Yonekawa Y, Ogata N, Imhof H G, Olivecrona M, Strommer K, Kwak T E, Roth P, Groscurth P
Department of Neurosurgery, University Hospital of Zürich, University of Zürich, Switzerland.
J Neurosurg. 1997 Oct;87(4):636-42. doi: 10.3171/jns.1997.87.4.0636.
Removal of the anterior clinoid process (ACP) facilitates radical removal of tumors or radical neck clipping of aneurysms in the supra- and parasellar regions by providing a wide operative exposure of the internal carotid artery (ICA) and the optic nerve and by reducing the need for brain retraction. Over a period of 3 years, anterior clinoidectomy was performed in 40 patients, 30 of whom harbored aneurysms (18 of the ICA and 13 of the basilar artery [one patient had two aneurysms]) and 10 of whom had tumors (four large pituitary tumors, four craniopharyngiomas, and two sphenoid ridge meningiomas). The ACP was removed extradurally in 31 cases and intradurally in nine cases. Extradural clinoidectomy was performed in all cases of pituitary adenoma and craniopharyngioma and in most cases of basilar artery aneurysm. Intradural clinoidectomy was performed in two cases of ICA-ophthalmic artery aneurysm, two cases of ICA-posterior communicating artery aneurysm, two cases of ICA cavernous aneurysm, one case of basilar artery aneurysm, and two cases of sphenoid ridge meningioma. The outcome was satisfactory in all patients, except for one patient who underwent clipping of a basilar tip aneurysm and suffered a thalamic and midbrain infarction. Three patients who underwent extradural clinoidectomy suffered a postoperative diminution of visual acuity or a visual field defect on the side of the clinoidectomy. These deficits may have been caused either by drilling of the ACP or by other operative manipulation of the optic nerve. Cerebrospinal fluid rhinorrhea, which required reoperation, occurred in one patient. The authors' experience suggests that the extradural technique of ACP removal is easier and less time consuming than the intradural one and provides better operative exposure. It can be used routinely in treating lesions in the supra- and parasellar regions.

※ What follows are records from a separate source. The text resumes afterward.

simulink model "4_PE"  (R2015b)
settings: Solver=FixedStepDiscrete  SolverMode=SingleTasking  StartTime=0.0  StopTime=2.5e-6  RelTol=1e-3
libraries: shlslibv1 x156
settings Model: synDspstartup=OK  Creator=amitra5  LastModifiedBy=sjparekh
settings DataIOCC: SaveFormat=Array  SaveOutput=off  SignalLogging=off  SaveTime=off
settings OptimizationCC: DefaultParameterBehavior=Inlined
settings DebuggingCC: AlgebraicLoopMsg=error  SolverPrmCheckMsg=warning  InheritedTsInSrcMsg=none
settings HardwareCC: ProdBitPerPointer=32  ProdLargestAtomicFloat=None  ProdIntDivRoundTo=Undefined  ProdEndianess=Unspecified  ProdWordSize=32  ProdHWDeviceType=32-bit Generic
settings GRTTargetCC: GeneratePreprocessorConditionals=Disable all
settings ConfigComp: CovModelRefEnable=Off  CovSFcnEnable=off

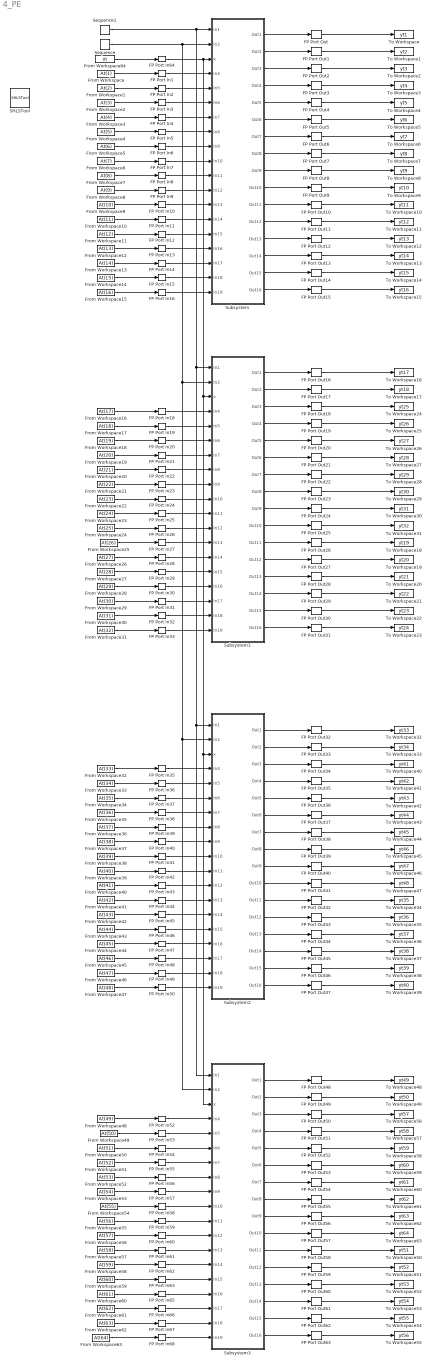
== system 4_PE ==
  FP Port In{1..16,18..33,35..50,52..68} (65 alike) : shlslibv1/Floating Point/FP Port In  synBlockType=custom  synLatency=1  syn_exp_wl=11  syn_frac_wl=52  syn_out_st=1/(504.96e6)  syn_capture=on  syn_register=on  syn_opt_ports=off
  FP Port Out{,1..63} (64 alike) : shlslibv1/Floating Point/FP Port Out  synBlockType=custom  synLatency=1  syn_exp_wl=11  syn_frac_wl=52  syn_capture=on  syn_register=on
  From Workspace : FromWorkspace  VariableName=At(1)
  From Workspace1 : FromWorkspace  VariableName=At(2)
  From Workspace10 : FromWorkspace  VariableName=At(11)
  From Workspace11 : FromWorkspace  VariableName=At(12)
  From Workspace12 : FromWorkspace  VariableName=At(13)
  From Workspace13 : FromWorkspace  VariableName=At(14)
  From Workspace14 : FromWorkspace  VariableName=At(15)
  From Workspace15 : FromWorkspace  VariableName=At(16)
  From Workspace16 : FromWorkspace  VariableName=At(17)
  From Workspace17 : FromWorkspace  VariableName=At(18)
  From Workspace18 : FromWorkspace  VariableName=At(19)
  From Workspace19 : FromWorkspace  VariableName=At(20)
  From Workspace2 : FromWorkspace  VariableName=At(3)
  From Workspace20 : FromWorkspace  VariableName=At(21)
  From Workspace21 : FromWorkspace  VariableName=At(22)
  From Workspace22 : FromWorkspace  VariableName=At(23)
  From Workspace23 : FromWorkspace  VariableName=At(24)
  From Workspace24 : FromWorkspace  VariableName=At(25)
  From Workspace25 : FromWorkspace  VariableName=At(26)
  From Workspace26 : FromWorkspace  VariableName=At(27)
  From Workspace27 : FromWorkspace  VariableName=At(28)
  From Workspace28 : FromWorkspace  VariableName=At(29)
  From Workspace29 : FromWorkspace  VariableName=At(30)
  From Workspace3 : FromWorkspace  VariableName=At(4)
  From Workspace30 : FromWorkspace  VariableName=At(31)
  From Workspace31 : FromWorkspace  VariableName=At(32)
  From Workspace32 : FromWorkspace  VariableName=At(33)
  From Workspace33 : FromWorkspace  VariableName=At(34)
  From Workspace34 : FromWorkspace  VariableName=At(35)
  From Workspace35 : FromWorkspace  VariableName=At(36)
  From Workspace36 : FromWorkspace  VariableName=At(37)
  From Workspace37 : FromWorkspace  VariableName=At(38)
  From Workspace38 : FromWorkspace  VariableName=At(39)
  From Workspace39 : FromWorkspace  VariableName=At(40)
  From Workspace4 : FromWorkspace  VariableName=At(5)
  From Workspace40 : FromWorkspace  VariableName=At(41)
  From Workspace41 : FromWorkspace  VariableName=At(42)
  From Workspace42 : FromWorkspace  VariableName=At(43)
  From Workspace43 : FromWorkspace  VariableName=At(44)
  From Workspace44 : FromWorkspace  VariableName=At(45)
  From Workspace45 : FromWorkspace  VariableName=At(46)
  From Workspace46 : FromWorkspace  VariableName=At(47)
  From Workspace47 : FromWorkspace  VariableName=At(48)
  From Workspace48 : FromWorkspace  VariableName=At(49)
  From Workspace49 : FromWorkspace  VariableName=At(50)
  From Workspace5 : FromWorkspace  VariableName=At(6)
  From Workspace50 : FromWorkspace  VariableName=At(51)
  From Workspace51 : FromWorkspace  VariableName=At(52)
  From Workspace52 : FromWorkspace  VariableName=At(53)
  From Workspace53 : FromWorkspace  VariableName=At(54)
  From Workspace54 : FromWorkspace  VariableName=At(55)
  From Workspace55 : FromWorkspace  VariableName=At(56)
  From Workspace56 : FromWorkspace  VariableName=At(57)
  From Workspace57 : FromWorkspace  VariableName=At(58)
  From Workspace58 : FromWorkspace  VariableName=At(59)
  From Workspace59 : FromWorkspace  VariableName=At(60)
  From Workspace6 : FromWorkspace  VariableName=At(7)
  From Workspace60 : FromWorkspace  VariableName=At(61)
  From Workspace61 : FromWorkspace  VariableName=At(62)
  From Workspace62 : FromWorkspace  VariableName=At(63)
  From Workspace63 : FromWorkspace  VariableName=At(64)
  From Workspace64 : FromWorkspace  VariableName=xt  Interpolate=off  OutputAfterFinalValue=Holding final value
  From Workspace7 : FromWorkspace  VariableName=At(8)
  From Workspace8 : FromWorkspace  VariableName=At(9)
  From Workspace9 : FromWorkspace  VariableName=At(10)
  SHLSTool : shlslibv1/SHLSTool  synBlockType=tool  syn_dsp_mode=FPGA
  Sequence : shlslibv1/Sources/Sequence  syn_seq_vec=[0 1 2 3 4 5 6 7 8 9 10 11 12 13 14 15]  syn_seq_wl=4  syn_seq_fl=0  syn_seq_dt=unsigned  syn_rst_port=off  syn_en_port=off  syn_seq_st=1/(504.96e6)  synBlockType=custom  synLatency=1
  Sequence1 : shlslibv1/Sources/Sequence  syn_seq_vec=[4 5 6 7 8 9 10 11 12 13 14 15 0 1 2 3]  syn_seq_wl=4  syn_seq_fl=0  syn_seq_dt=unsigned  syn_rst_port=off  syn_en_port=off  syn_seq_st=1/(504.96e6)  synBlockType=custom  synLatency=1
  Subsystem : Subsystem
  Subsystem1 : Subsystem
  Subsystem2 : Subsystem
  Subsystem3 : Subsystem
  To Workspace : ToWorkspace  VariableName=yt1  SaveFormat=Structure With Time  SampleTime=-1
      settings: Save2DSignal=2-D array (concatenate along first dimension)
  To Workspace1 : ToWorkspace  VariableName=yt2  SaveFormat=Structure With Time  SampleTime=-1
      settings: Save2DSignal=2-D array (concatenate along first dimension)
  To Workspace10 : ToWorkspace  VariableName=yt11  SaveFormat=Structure With Time  SampleTime=-1
      settings: Save2DSignal=2-D array (concatenate along first dimension)
  To Workspace11 : ToWorkspace  VariableName=yt12  SaveFormat=Structure With Time  SampleTime=-1
  To Workspace12 : ToWorkspace  VariableName=yt13  SaveFormat=Structure With Time  SampleTime=-1
      settings: Save2DSignal=2-D array (concatenate along first dimension)
  To Workspace13 : ToWorkspace  VariableName=yt14  SaveFormat=Structure With Time  SampleTime=-1
      settings: Save2DSignal=2-D array (concatenate along first dimension)
  To Workspace14 : ToWorkspace  VariableName=yt15  SaveFormat=Structure With Time  SampleTime=-1
      settings: Save2DSignal=2-D array (concatenate along first dimension)
  To Workspace15 : ToWorkspace  VariableName=yt16  SaveFormat=Structure With Time  SampleTime=-1
  To Workspace16 : ToWorkspace  VariableName=yt17  SaveFormat=Structure With Time  SampleTime=-1
      settings: Save2DSignal=2-D array (concatenate along first dimension)
  To Workspace17 : ToWorkspace  VariableName=yt18  SaveFormat=Structure With Time  SampleTime=-1
      settings: Save2DSignal=2-D array (concatenate along first dimension)
  To Workspace18 : ToWorkspace  VariableName=yt19  SaveFormat=Structure With Time  SampleTime=-1
      settings: Save2DSignal=2-D array (concatenate along first dimension)
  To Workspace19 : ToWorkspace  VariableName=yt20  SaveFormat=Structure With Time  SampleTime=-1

切除前床突(ACP)可通过提供颈内动脉(ICA)和视神经广泛的手术视野以及减少脑牵拉的需求,便于彻底切除鞍上和鞍旁区域的肿瘤或对动脉瘤进行根治性夹闭。在3年的时间里,对40例患者实施了前床突切除术,其中30例患有动脉瘤(18例为ICA动脉瘤,13例为基底动脉动脉瘤[1例患者有2个动脉瘤]),10例患有肿瘤(4例大型垂体瘤、4例颅咽管瘤和2例蝶骨嵴脑膜瘤)。31例患者经硬膜外切除前床突,9例经硬膜内切除。垂体腺瘤和颅咽管瘤的所有病例以及大多数基底动脉动脉瘤病例均采用硬膜外前床突切除术。2例ICA - 眼动脉动脉瘤、2例ICA - 后交通动脉动脉瘤、2例ICA海绵窦段动脉瘤、1例基底动脉动脉瘤和2例蝶骨嵴脑膜瘤病例采用硬膜内前床突切除术。除1例接受基底动脉尖动脉瘤夹闭术的患者发生丘脑和中脑梗死外,所有患者的预后均令人满意。3例接受硬膜外前床突切除术的患者术后出现前床突切除术侧视力下降或视野缺损。这些缺陷可能是由于前床突钻孔或对视神经的其他手术操作所致。1例患者发生脑脊液鼻漏,需要再次手术。作者的经验表明,硬膜外切除前床突的技术比硬膜内技术更容易、耗时更少,且能提供更好的手术视野。它可常规用于治疗鞍上和鞍旁区域的病变。